The streetcars had stopped.

Angela came out.

"I'm sorry," he said.

"You have us, too."

"I know I can be a fool. I fail-"

"That's not what I mean. We can be a support as well." She seemed translucent in the light from the street lamps down below and the sky up above. "You don't have to see us as something that gets in the way."

"I've never done that."

"I never say anything about your work, do I?"

"Of course not."

"Well, don't let it eat you up."

"I try not to, Angela."

"Maybe you should talk to somebody."

"About what? To whom?"

"A lot has happened lately."

Shouldn't she be the one? he thought. Who needs to talk? Something happened to her that was beyond comprehension. He could look at as many dead bodies as anybody was prepared to put before him. But he couldn't get anywhere near understanding that. She needed to talk. To somebody else. What I want, my dear idiot, is silence.

"Are you thinking about your dad?"

"Dunno. No."

"Things are pretty good between us. Isn't that right, Erik?"

"That's not the problem. I'm just tired."

She nodded and said good night and went back inside. He'd be able to explain things better tomorrow. He put down his cigarillo and watched it glowing. There was still a smell of smoke from elsewhere. The phone rang inside the apartment. He heard Angela answer.

22

Winter could see the faint glowon the other side of the park as he drove down the hill. The light was like a pale mist under a clearer, purer sky. The forerunner of a new day. It would be hot again.

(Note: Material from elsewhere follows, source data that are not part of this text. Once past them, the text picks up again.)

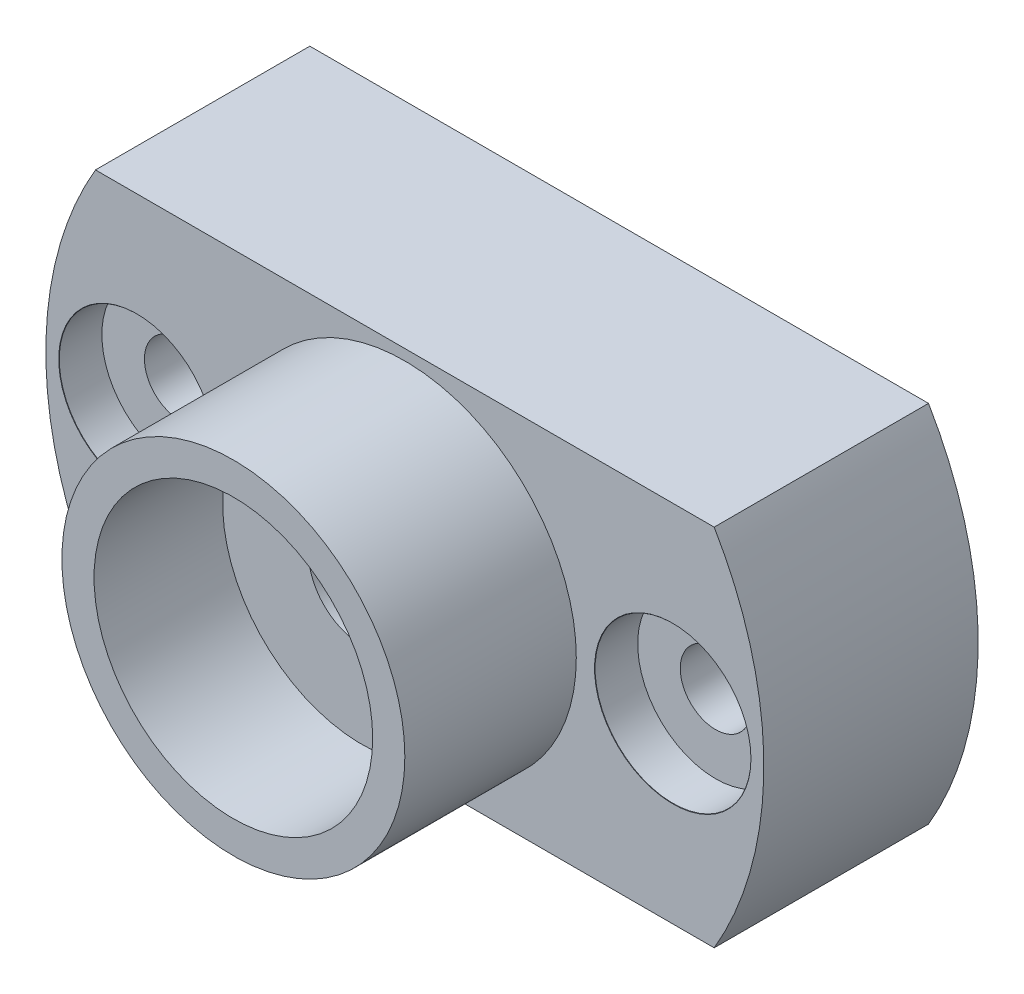
ISO-10303-21;
HEADER;
FILE_DESCRIPTION(('STEP AP214'),'2;1');
FILE_NAME('part.step','',(''),(''),'','','');
FILE_SCHEMA(('AUTOMOTIVE_DESIGN { 1 0 10303 214 1 1 1 1 }'));
ENDSEC;
DATA;
#1=APPLICATION_CONTEXT('core data for automotive mechanical design processes');
#2=APPLICATION_PROTOCOL_DEFINITION('international standard','automotive_design',2000,#1);
#3=PRODUCT_CONTEXT('',#1,'mechanical');
#4=PRODUCT('Part','Part','',(#3));
#5=PRODUCT_RELATED_PRODUCT_CATEGORY('part','',(#4));
#6=PRODUCT_DEFINITION_FORMATION('','',#4);
#7=PRODUCT_DEFINITION_CONTEXT('part definition',#1,'design');
#8=PRODUCT_DEFINITION('design','',#6,#7);
#9=PRODUCT_DEFINITION_SHAPE('','',#8);
#10=(LENGTH_UNIT() NAMED_UNIT(*) SI_UNIT(.MILLI.,.METRE.));
#11=(NAMED_UNIT(*) PLANE_ANGLE_UNIT() SI_UNIT($,.RADIAN.));
#12=(NAMED_UNIT(*) SI_UNIT($,.STERADIAN.) SOLID_ANGLE_UNIT());
#13=UNCERTAINTY_MEASURE_WITH_UNIT(LENGTH_MEASURE(1.E-05),#10,'distance_accuracy_value','');
#14=(GEOMETRIC_REPRESENTATION_CONTEXT(3) GLOBAL_UNCERTAINTY_ASSIGNED_CONTEXT((#13)) GLOBAL_UNIT_ASSIGNED_CONTEXT((#10,
#11,#12)) REPRESENTATION_CONTEXT('',''));
#15=CARTESIAN_POINT('',(0.,0.,0.));
#16=DIRECTION('',(0.,0.,1.));
#17=DIRECTION('',(1.,0.,0.));
#18=AXIS2_PLACEMENT_3D('',#15,#16,#17);
#19=CARTESIAN_POINT('',(0.,0.,-9.99999999999999));
#20=DIRECTION('',(0.,0.,1.));
#21=DIRECTION('',(1.,0.,0.));
#22=AXIS2_PLACEMENT_3D('',#19,#20,#21);
#23=CYLINDRICAL_SURFACE('',#22,5.);
#24=CARTESIAN_POINT('',(0.,0.,0.));
#25=DIRECTION('',(0.,0.,-1.));
#26=DIRECTION('',(-1.,0.,0.));
#27=AXIS2_PLACEMENT_3D('',#24,#25,#26);
#28=CIRCLE('',#27,5.);
#29=CARTESIAN_POINT('',(-5.,0.,0.));
#30=VERTEX_POINT('',#29);
#31=EDGE_CURVE('E148',#30,#30,#28,.T.);
#32=ORIENTED_EDGE('',*,*,#31,.T.);
#33=EDGE_LOOP('',(#32));
#34=FACE_BOUND('',#33,.T.);
#35=CARTESIAN_POINT('',(0.,0.,24.));
#36=DIRECTION('',(0.,0.,1.));
#37=DIRECTION('',(1.,0.,0.));
#38=AXIS2_PLACEMENT_3D('',#35,#36,#37);
#39=CIRCLE('',#38,5.);
#40=CARTESIAN_POINT('',(5.,0.,24.));
#41=VERTEX_POINT('',#40);
#42=EDGE_CURVE('E45',#41,#41,#39,.F.);
#43=ORIENTED_EDGE('',*,*,#42,.F.);
#44=EDGE_LOOP('',(#43));
#45=FACE_BOUND('',#44,.T.);
#46=ADVANCED_FACE('F41',(#34,#45),#23,.F.);
#47=CARTESIAN_POINT('',(-33.5,17.,20.));
#48=DIRECTION('',(0.,-1.,0.));
#49=DIRECTION('',(0.,0.,-1.));
#50=AXIS2_PLACEMENT_3D('',#47,#48,#49);
#51=PLANE('',#50);
#52=DIRECTION('',(0.,0.,1.));
#53=VECTOR('',#52,1.);
#54=CARTESIAN_POINT('',(28.8660700477221,17.,0.));
#55=LINE('',#54,#53);
#56=CARTESIAN_POINT('',(28.8660700477221,17.,0.));
#57=VERTEX_POINT('',#56);
#58=CARTESIAN_POINT('',(28.8660700477221,17.,20.));
#59=VERTEX_POINT('',#58);
#60=EDGE_CURVE('E81',#57,#59,#55,.T.);
#61=ORIENTED_EDGE('',*,*,#60,.F.);
#62=DIRECTION('',(-1.,0.,0.));
#63=VECTOR('',#62,1.);
#64=CARTESIAN_POINT('',(-33.5,17.,0.));
#65=LINE('',#64,#63);
#66=CARTESIAN_POINT('',(-28.8660700477221,17.,0.));
#67=VERTEX_POINT('',#66);
#68=EDGE_CURVE('E91',#57,#67,#65,.T.);
#69=ORIENTED_EDGE('',*,*,#68,.T.);
#70=DIRECTION('',(0.,0.,1.));
#71=VECTOR('',#70,1.);
#72=CARTESIAN_POINT('',(-28.8660700477221,17.,0.));
#73=LINE('',#72,#71);
#74=CARTESIAN_POINT('',(-28.8660700477221,17.,20.));
#75=VERTEX_POINT('',#74);
#76=EDGE_CURVE('E94',#75,#67,#73,.F.);
#77=ORIENTED_EDGE('',*,*,#76,.F.);
#78=DIRECTION('',(-1.,0.,0.));
#79=VECTOR('',#78,1.);
#80=CARTESIAN_POINT('',(-33.5,17.,20.));
#81=LINE('',#80,#79);
#82=EDGE_CURVE('E93',#59,#75,#81,.T.);
#83=ORIENTED_EDGE('',*,*,#82,.F.);
#84=EDGE_LOOP('',(#61,#69,#77,#83));
#85=FACE_BOUND('',#84,.T.);
#86=ADVANCED_FACE('F43',(#85),#51,.F.);
#87=CARTESIAN_POINT('',(-33.5,-17.,20.));
#88=DIRECTION('',(0.,1.,0.));
#89=DIRECTION('',(0.,0.,1.));
#90=AXIS2_PLACEMENT_3D('',#87,#88,#89);
#91=PLANE('',#90);
#92=DIRECTION('',(0.,0.,1.));
#93=VECTOR('',#92,1.);
#94=CARTESIAN_POINT('',(-28.8660700477221,-17.,0.));
#95=LINE('',#94,#93);
#96=CARTESIAN_POINT('',(-28.8660700477221,-17.,0.));
#97=VERTEX_POINT('',#96);
#98=CARTESIAN_POINT('',(-28.8660700477221,-17.,20.));
#99=VERTEX_POINT('',#98);
#100=EDGE_CURVE('E109',#97,#99,#95,.T.);
#101=ORIENTED_EDGE('',*,*,#100,.F.);
#102=DIRECTION('',(1.,0.,0.));
#103=VECTOR('',#102,1.);
#104=CARTESIAN_POINT('',(-33.5,-17.,0.));
#105=LINE('',#104,#103);
#106=CARTESIAN_POINT('',(28.8660700477221,-17.,0.));
#107=VERTEX_POINT('',#106);
#108=EDGE_CURVE('E98',#97,#107,#105,.T.);
#109=ORIENTED_EDGE('',*,*,#108,.T.);
#110=DIRECTION('',(0.,0.,1.));
#111=VECTOR('',#110,1.);
#112=CARTESIAN_POINT('',(28.8660700477221,-17.,0.));
#113=LINE('',#112,#111);
#114=CARTESIAN_POINT('',(28.8660700477221,-17.,20.));
#115=VERTEX_POINT('',#114);
#116=EDGE_CURVE('E58',#115,#107,#113,.F.);
#117=ORIENTED_EDGE('',*,*,#116,.F.);
#118=DIRECTION('',(1.,0.,0.));
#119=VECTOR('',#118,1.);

It was already seventy-two degrees, even though it was, strictly speaking, still nighttime.

The girl would never experience the new day. Winter had seen strangled corpses before. She was naked from the waist down. His colleagues were rooting around the scene. The pathologist was bent over the girl like an angel of death. It wasn't Pia Froberg. Winter remembered that she was on vacation. This was a man, and he looked big and clumsy in his shorts and baseball cap. Or was he made to look that way because the girl lying in front of him was so small and slim?

Like a dead sparrow by the side of the road.

Winter walked back. Her bicycle was lying in the middle of the bike path. The handlebars were pointing inward. It looked almost as if one of the wheels was still spinning. A uniformed policeman was standing beside the bicycle, and a patrol car was parked behind him. The lights were spinning around on the car roof. The girl's face was lit up, plunged into darkness, lit up. Winter preferred the darkness.

He approached the police officer, whom he didn't recognize. A young kid. Only a couple of years older than the girl, at most. Hardly a policeman. A police boy.

"I hear you were first on the scene."

"Yes, it was us who… found her."

Winter nodded.

"What's your name?"

"Peter. Peter Larsson."

"How did you find her?"

"The bike," said the young constable. "We were driving by, and noticed it."

"Do you drive by here every night, Peter?"

"More or less."

Winter sized up the road as far as the bend. After the bend the road continued round a pond. On the other side of the pond was a little clump of trees, and beyond that another pond, and on the other side of that pond some bushes, a few trees, a big rock. A murder scene twice over.